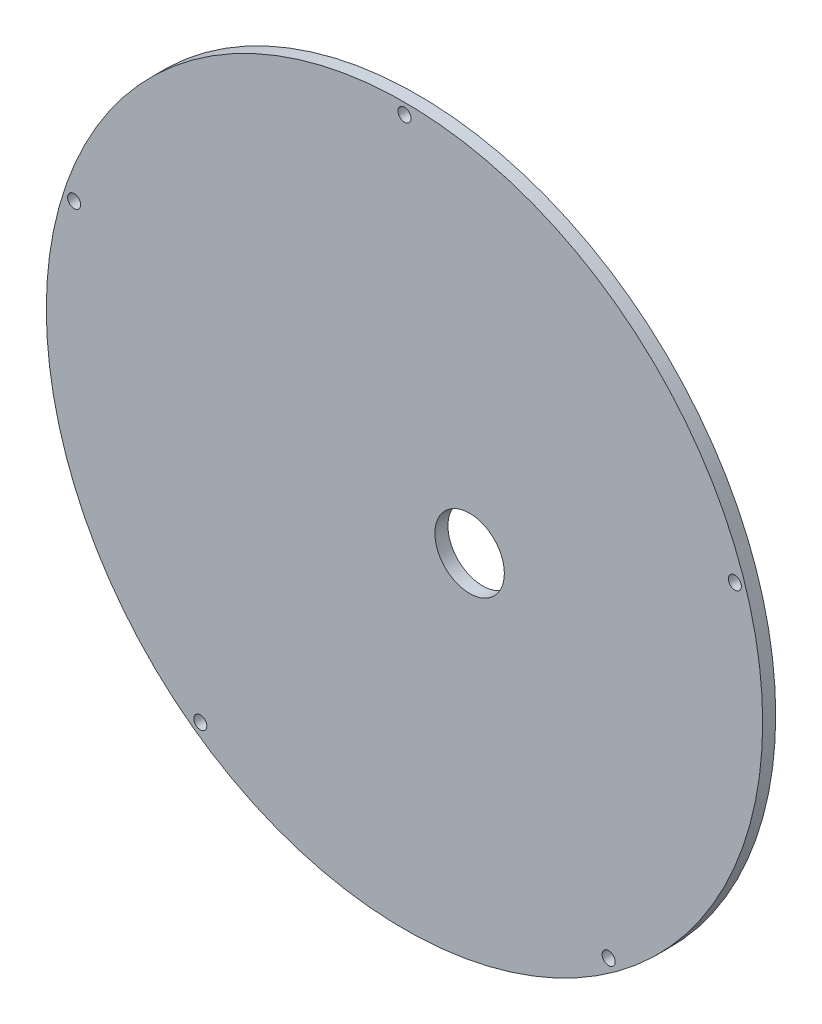
ISO-10303-21;
HEADER;
FILE_DESCRIPTION(('STEP AP214'),'2;1');
FILE_NAME('part.step','',(''),(''),'','','');
FILE_SCHEMA(('AUTOMOTIVE_DESIGN { 1 0 10303 214 1 1 1 1 }'));
ENDSEC;
DATA;
#1=APPLICATION_CONTEXT('core data for automotive mechanical design processes');
#2=APPLICATION_PROTOCOL_DEFINITION('international standard','automotive_design',2000,#1);
#3=PRODUCT_CONTEXT('',#1,'mechanical');
#4=PRODUCT('Part','Part','',(#3));
#5=PRODUCT_RELATED_PRODUCT_CATEGORY('part','',(#4));
#6=PRODUCT_DEFINITION_FORMATION('','',#4);
#7=PRODUCT_DEFINITION_CONTEXT('part definition',#1,'design');
#8=PRODUCT_DEFINITION('design','',#6,#7);
#9=PRODUCT_DEFINITION_SHAPE('','',#8);
#10=(LENGTH_UNIT() NAMED_UNIT(*) SI_UNIT(.MILLI.,.METRE.));
#11=(NAMED_UNIT(*) PLANE_ANGLE_UNIT() SI_UNIT($,.RADIAN.));
#12=(NAMED_UNIT(*) SI_UNIT($,.STERADIAN.) SOLID_ANGLE_UNIT());
#13=UNCERTAINTY_MEASURE_WITH_UNIT(LENGTH_MEASURE(1.E-05),#10,'distance_accuracy_value','');
#14=(GEOMETRIC_REPRESENTATION_CONTEXT(3) GLOBAL_UNCERTAINTY_ASSIGNED_CONTEXT((#13)) GLOBAL_UNIT_ASSIGNED_CONTEXT((#10,
#11,#12)) REPRESENTATION_CONTEXT('',''));
#15=CARTESIAN_POINT('',(0.,0.,0.));
#16=DIRECTION('',(0.,0.,1.));
#17=DIRECTION('',(1.,0.,0.));
#18=AXIS2_PLACEMENT_3D('',#15,#16,#17);
#19=CARTESIAN_POINT('',(0.,0.,3.));
#20=DIRECTION('',(0.,0.,-1.));
#21=DIRECTION('',(-1.,0.,0.));
#22=AXIS2_PLACEMENT_3D('',#19,#20,#21);
#23=CYLINDRICAL_SURFACE('',#22,82.5);
#24=CARTESIAN_POINT('',(0.,0.,3.));
#25=DIRECTION('',(0.,0.,1.));
#26=DIRECTION('',(1.,0.,0.));
#27=AXIS2_PLACEMENT_3D('',#24,#25,#26);
#28=CIRCLE('',#27,82.5);
#29=CARTESIAN_POINT('',(82.5,0.,3.));
#30=VERTEX_POINT('',#29);
#31=EDGE_CURVE('E10',#30,#30,#28,.T.);
#32=ORIENTED_EDGE('',*,*,#31,.F.);
#33=EDGE_LOOP('',(#32));
#34=FACE_BOUND('',#33,.T.);
#35=CARTESIAN_POINT('',(0.,0.,0.));
#36=DIRECTION('',(0.,0.,1.));
#37=DIRECTION('',(1.,0.,0.));
#38=AXIS2_PLACEMENT_3D('',#35,#36,#37);
#39=CIRCLE('',#38,82.5);
#40=CARTESIAN_POINT('',(82.5,0.,0.));
#41=VERTEX_POINT('',#40);
#42=EDGE_CURVE('E33',#41,#41,#39,.T.);
#43=ORIENTED_EDGE('',*,*,#42,.T.);
#44=EDGE_LOOP('',(#43));
#45=FACE_BOUND('',#44,.T.);
#46=ADVANCED_FACE('F30',(#34,#45),#23,.T.);
#47=CARTESIAN_POINT('',(0.,0.,3.));
#48=DIRECTION('',(0.,0.,1.));
#49=DIRECTION('',(1.,0.,0.));
#50=AXIS2_PLACEMENT_3D('',#47,#48,#49);
#51=PLANE('',#50);
#52=CARTESIAN_POINT('',(15.,0.,3.));
#53=DIRECTION('',(0.,0.,1.));
#54=DIRECTION('',(1.,0.,0.));
#55=AXIS2_PLACEMENT_3D('',#52,#53,#54);
#56=CIRCLE('',#55,8.);
#57=CARTESIAN_POINT('',(23.,0.,3.));
#58=VERTEX_POINT('',#57);
#59=EDGE_CURVE('E72',#58,#58,#56,.T.);
#60=ORIENTED_EDGE('',*,*,#59,.F.);
#61=EDGE_LOOP('',(#60));
#62=FACE_BOUND('',#61,.T.);
#63=CARTESIAN_POINT('',(76.084521303612,24.7213595499967,3.));
#64=DIRECTION('',(0.,0.,1.));
#65=DIRECTION('',(1.,0.,0.));
#66=AXIS2_PLACEMENT_3D('',#63,#64,#65);
#67=CIRCLE('',#66,1.49999999999999);
#68=CARTESIAN_POINT('',(77.584521303612,24.7213595499967,3.));
#69=VERTEX_POINT('',#68);
#70=EDGE_CURVE('E68',#69,#69,#67,.T.);
#71=ORIENTED_EDGE('',*,*,#70,.F.);
#72=EDGE_LOOP('',(#71));
#73=FACE_BOUND('',#72,.T.);
#74=CARTESIAN_POINT('',(47.0228201833984,-64.7213595499954,3.));
#75=DIRECTION('',(0.,0.,1.));
#76=DIRECTION('',(1.,0.,0.));
#77=AXIS2_PLACEMENT_3D('',#74,#75,#76);
#78=CIRCLE('',#77,1.49999999999999);
#79=CARTESIAN_POINT('',(48.5228201833984,-64.7213595499954,3.));
#80=VERTEX_POINT('',#79);
#81=EDGE_CURVE('E62',#80,#80,#78,.T.);
#82=ORIENTED_EDGE('',*,*,#81,.F.);
#83=EDGE_LOOP('',(#82));
#84=FACE_BOUND('',#83,.T.);
#85=CARTESIAN_POINT('',(-47.0228201833975,-64.7213595499961,3.));
#86=DIRECTION('',(0.,0.,1.));
#87=DIRECTION('',(1.,0.,0.));
#88=AXIS2_PLACEMENT_3D('',#85,#86,#87);
#89=CIRCLE('',#88,1.49999999999999);
#90=CARTESIAN_POINT('',(-45.5228201833975,-64.7213595499961,3.));
#91=VERTEX_POINT('',#90);
#92=EDGE_CURVE('E56',#91,#91,#89,.T.);
#93=ORIENTED_EDGE('',*,*,#92,.F.);
#94=EDGE_LOOP('',(#93));
#95=FACE_BOUND('',#94,.T.);
#96=CARTESIAN_POINT('',(-76.0845213036124,24.7213595499956,3.));
#97=DIRECTION('',(0.,0.,1.));
#98=DIRECTION('',(1.,0.,0.));
#99=AXIS2_PLACEMENT_3D('',#96,#97,#98);
#100=CIRCLE('',#99,1.49999999999999);
#101=CARTESIAN_POINT('',(-74.5845213036124,24.7213595499956,3.));
#102=VERTEX_POINT('',#101);
#103=EDGE_CURVE('E50',#102,#102,#100,.T.);
#104=ORIENTED_EDGE('',*,*,#103,.F.);
#105=EDGE_LOOP('',(#104));
#106=FACE_BOUND('',#105,.T.);
#107=CARTESIAN_POINT('',(0.,80.,3.));
#108=DIRECTION('',(0.,0.,1.));
#109=DIRECTION('',(1.,0.,0.));
#110=AXIS2_PLACEMENT_3D('',#107,#108,#109);
#111=CIRCLE('',#110,1.49999999999999);
#112=CARTESIAN_POINT('',(1.49999999999999,80.,3.));
#113=VERTEX_POINT('',#112);
#114=EDGE_CURVE('E44',#113,#113,#111,.T.);
#115=ORIENTED_EDGE('',*,*,#114,.F.);
#116=EDGE_LOOP('',(#115));
#117=FACE_BOUND('',#116,.T.);
#118=ORIENTED_EDGE('',*,*,#31,.T.);
#119=EDGE_LOOP('',(#118));
#120=FACE_BOUND('',#119,.T.);
#121=ADVANCED_FACE('F88',(#62,#73,#84,#95,#106,#117,#120),#51,.T.);
#122=CARTESIAN_POINT('',(0.,0.,0.));
#123=DIRECTION('',(0.,0.,1.));
#124=DIRECTION('',(1.,0.,0.));
#125=AXIS2_PLACEMENT_3D('',#122,#123,#124);
#126=PLANE('',#125);
#127=CARTESIAN_POINT('',(15.,0.,0.));
#128=DIRECTION('',(0.,0.,1.));
#129=DIRECTION('',(1.,0.,0.));
#130=AXIS2_PLACEMENT_3D('',#127,#128,#129);
#131=CIRCLE('',#130,8.);
#132=CARTESIAN_POINT('',(23.,0.,0.));
#133=VERTEX_POINT('',#132);
#134=EDGE_CURVE('E71',#133,#133,#131,.T.);
#135=ORIENTED_EDGE('',*,*,#134,.T.);
#136=EDGE_LOOP('',(#135));
#137=FACE_BOUND('',#136,.T.);
#138=CARTESIAN_POINT('',(76.084521303612,24.7213595499967,0.));
#139=DIRECTION('',(0.,0.,1.));
#140=DIRECTION('',(1.,0.,0.));
#141=AXIS2_PLACEMENT_3D('',#138,#139,#140);
#142=CIRCLE('',#141,1.5);
#143=CARTESIAN_POINT('',(77.584521303612,24.7213595499967,0.));
#144=VERTEX_POINT('',#143);
#145=EDGE_CURVE('E65',#144,#144,#142,.T.);
#146=ORIENTED_EDGE('',*,*,#145,.T.);
#147=EDGE_LOOP('',(#146));
#148=FACE_BOUND('',#147,.T.);
#149=CARTESIAN_POINT('',(47.0228201833984,-64.7213595499954,0.));
#150=DIRECTION('',(0.,0.,1.));
#151=DIRECTION('',(1.,0.,0.));
#152=AXIS2_PLACEMENT_3D('',#149,#150,#151);
#153=CIRCLE('',#152,1.5);
#154=CARTESIAN_POINT('',(48.5228201833984,-64.7213595499954,0.));
#155=VERTEX_POINT('',#154);
#156=EDGE_CURVE('E59',#155,#155,#153,.T.);
#157=ORIENTED_EDGE('',*,*,#156,.T.);
#158=EDGE_LOOP('',(#157));
#159=FACE_BOUND('',#158,.T.);
#160=CARTESIAN_POINT('',(-47.0228201833975,-64.7213595499961,0.));
#161=DIRECTION('',(0.,0.,1.));
#162=DIRECTION('',(1.,0.,0.));
#163=AXIS2_PLACEMENT_3D('',#160,#161,#162);
#164=CIRCLE('',#163,1.5);
#165=CARTESIAN_POINT('',(-45.5228201833975,-64.7213595499961,0.));
#166=VERTEX_POINT('',#165);
#167=EDGE_CURVE('E53',#166,#166,#164,.T.);
#168=ORIENTED_EDGE('',*,*,#167,.T.);
#169=EDGE_LOOP('',(#168));
#170=FACE_BOUND('',#169,.T.);
#171=CARTESIAN_POINT('',(-76.0845213036124,24.7213595499956,0.));
#172=DIRECTION('',(0.,0.,1.));
#173=DIRECTION('',(1.,0.,0.));
#174=AXIS2_PLACEMENT_3D('',#171,#172,#173);
#175=CIRCLE('',#174,1.5);
#176=CARTESIAN_POINT('',(-74.5845213036124,24.7213595499956,0.));
#177=VERTEX_POINT('',#176);
#178=EDGE_CURVE('E47',#177,#177,#175,.T.);
#179=ORIENTED_EDGE('',*,*,#178,.T.);
#180=EDGE_LOOP('',(#179));
#181=FACE_BOUND('',#180,.T.);
#182=CARTESIAN_POINT('',(0.,80.,0.));
#183=DIRECTION('',(0.,0.,1.));
#184=DIRECTION('',(1.,0.,0.));
#185=AXIS2_PLACEMENT_3D('',#182,#183,#184);
#186=CIRCLE('',#185,1.5);
#187=CARTESIAN_POINT('',(1.5,80.,0.));
#188=VERTEX_POINT('',#187);
#189=EDGE_CURVE('E40',#188,#188,#186,.T.);
#190=ORIENTED_EDGE('',*,*,#189,.T.);
#191=EDGE_LOOP('',(#190));
#192=FACE_BOUND('',#191,.T.);
#193=ORIENTED_EDGE('',*,*,#42,.F.);
#194=EDGE_LOOP('',(#193));
#195=FACE_BOUND('',#194,.T.);
#196=ADVANCED_FACE('F78',(#137,#148,#159,#170,#181,#192,#195),#126,.F.);
#197=CARTESIAN_POINT('',(0.,80.,3.));
#198=DIRECTION('',(0.,0.,1.));
#199=DIRECTION('',(1.,0.,0.));
#200=AXIS2_PLACEMENT_3D('',#197,#198,#199);
#201=CYLINDRICAL_SURFACE('',#200,1.49999999999999);
#202=ORIENTED_EDGE('',*,*,#189,.F.);
#203=EDGE_LOOP('',(#202));
#204=FACE_BOUND('',#203,.T.);
#205=ORIENTED_EDGE('',*,*,#114,.T.);
#206=EDGE_LOOP('',(#205));
#207=FACE_BOUND('',#206,.T.);
#208=ADVANCED_FACE('F102',(#204,#207),#201,.F.);
#209=CARTESIAN_POINT('',(-76.0845213036124,24.7213595499956,3.));
#210=DIRECTION('',(0.,0.,1.));
#211=DIRECTION('',(1.,0.,0.));
#212=AXIS2_PLACEMENT_3D('',#209,#210,#211);
#213=CYLINDRICAL_SURFACE('',#212,1.49999999999999);
#214=ORIENTED_EDGE('',*,*,#178,.F.);
#215=EDGE_LOOP('',(#214));
#216=FACE_BOUND('',#215,.T.);
#217=ORIENTED_EDGE('',*,*,#103,.T.);
#218=EDGE_LOOP('',(#217));
#219=FACE_BOUND('',#218,.T.);
#220=ADVANCED_FACE('F104',(#216,#219),#213,.F.);
#221=CARTESIAN_POINT('',(-47.0228201833975,-64.7213595499961,3.));
#222=DIRECTION('',(0.,0.,1.));
#223=DIRECTION('',(1.,0.,0.));
#224=AXIS2_PLACEMENT_3D('',#221,#222,#223);
#225=CYLINDRICAL_SURFACE('',#224,1.49999999999999);
#226=ORIENTED_EDGE('',*,*,#167,.F.);
#227=EDGE_LOOP('',(#226));
#228=FACE_BOUND('',#227,.T.);
#229=ORIENTED_EDGE('',*,*,#92,.T.);
#230=EDGE_LOOP('',(#229));
#231=FACE_BOUND('',#230,.T.);
#232=ADVANCED_FACE('F111',(#228,#231),#225,.F.);
#233=CARTESIAN_POINT('',(47.0228201833984,-64.7213595499954,3.));
#234=DIRECTION('',(0.,0.,1.));
#235=DIRECTION('',(1.,0.,0.));
#236=AXIS2_PLACEMENT_3D('',#233,#234,#235);
#237=CYLINDRICAL_SURFACE('',#236,1.49999999999999);
#238=ORIENTED_EDGE('',*,*,#156,.F.);
#239=EDGE_LOOP('',(#238));
#240=FACE_BOUND('',#239,.T.);
#241=ORIENTED_EDGE('',*,*,#81,.T.);
#242=EDGE_LOOP('',(#241));
#243=FACE_BOUND('',#242,.T.);
#244=ADVANCED_FACE('F146',(#240,#243),#237,.F.);
#245=CARTESIAN_POINT('',(76.084521303612,24.7213595499967,3.));
#246=DIRECTION('',(0.,0.,1.));
#247=DIRECTION('',(1.,0.,0.));
#248=AXIS2_PLACEMENT_3D('',#245,#246,#247);
#249=CYLINDRICAL_SURFACE('',#248,1.49999999999999);
#250=ORIENTED_EDGE('',*,*,#145,.F.);
#251=EDGE_LOOP('',(#250));
#252=FACE_BOUND('',#251,.T.);
#253=ORIENTED_EDGE('',*,*,#70,.T.);
#254=EDGE_LOOP('',(#253));
#255=FACE_BOUND('',#254,.T.);
#256=ADVANCED_FACE('F84',(#252,#255),#249,.F.);
#257=CARTESIAN_POINT('',(15.,0.,0.));
#258=DIRECTION('',(0.,0.,1.));
#259=DIRECTION('',(1.,0.,0.));
#260=AXIS2_PLACEMENT_3D('',#257,#258,#259);
#261=CYLINDRICAL_SURFACE('',#260,8.);
#262=ORIENTED_EDGE('',*,*,#134,.F.);
#263=EDGE_LOOP('',(#262));
#264=FACE_BOUND('',#263,.T.);
#265=ORIENTED_EDGE('',*,*,#59,.T.);
#266=EDGE_LOOP('',(#265));
#267=FACE_BOUND('',#266,.T.);
#268=ADVANCED_FACE('F81',(#264,#267),#261,.F.);
#269=CLOSED_SHELL('',(#46,#121,#196,#208,#220,#232,#244,#256,#268));
#270=MANIFOLD_SOLID_BREP('B2',#269);
#271=ADVANCED_BREP_SHAPE_REPRESENTATION('',(#18,#270),#14);
#272=SHAPE_DEFINITION_REPRESENTATION(#9,#271);
ENDSEC;
END-ISO-10303-21;

▶ **TASK ITEM**
From the opening line of the entries, copy each line exactly until the line with "#11=(NAMED_UNIT(*) PLANE_ANGLE_UNIT() SI_UNIT($,.RADIAN.));", which is copied as well; leave out pictures.

▶ **SOLUTION TO THE PROBLEM**
ISO-10303-21;
HEADER;
FILE_DESCRIPTION(('STEP AP214'),'2;1');
FILE_NAME('part.step','',(''),(''),'','','');
FILE_SCHEMA(('AUTOMOTIVE_DESIGN { 1 0 10303 214 1 1 1 1 }'));
ENDSEC;
DATA;
#1=APPLICATION_CONTEXT('core data for automotive mechanical design processes');
#2=APPLICATION_PROTOCOL_DEFINITION('international standard','automotive_design',2000,#1);
#3=PRODUCT_CONTEXT('',#1,'mechanical');
#4=PRODUCT('Part','Part','',(#3));
#5=PRODUCT_RELATED_PRODUCT_CATEGORY('part','',(#4));
#6=PRODUCT_DEFINITION_FORMATION('','',#4);
#7=PRODUCT_DEFINITION_CONTEXT('part definition',#1,'design');
#8=PRODUCT_DEFINITION('design','',#6,#7);
#9=PRODUCT_DEFINITION_SHAPE('','',#8);
#10=(LENGTH_UNIT() NAMED_UNIT(*) SI_UNIT(.MILLI.,.METRE.));
#11=(NAMED_UNIT(*) PLANE_ANGLE_UNIT() SI_UNIT($,.RADIAN.));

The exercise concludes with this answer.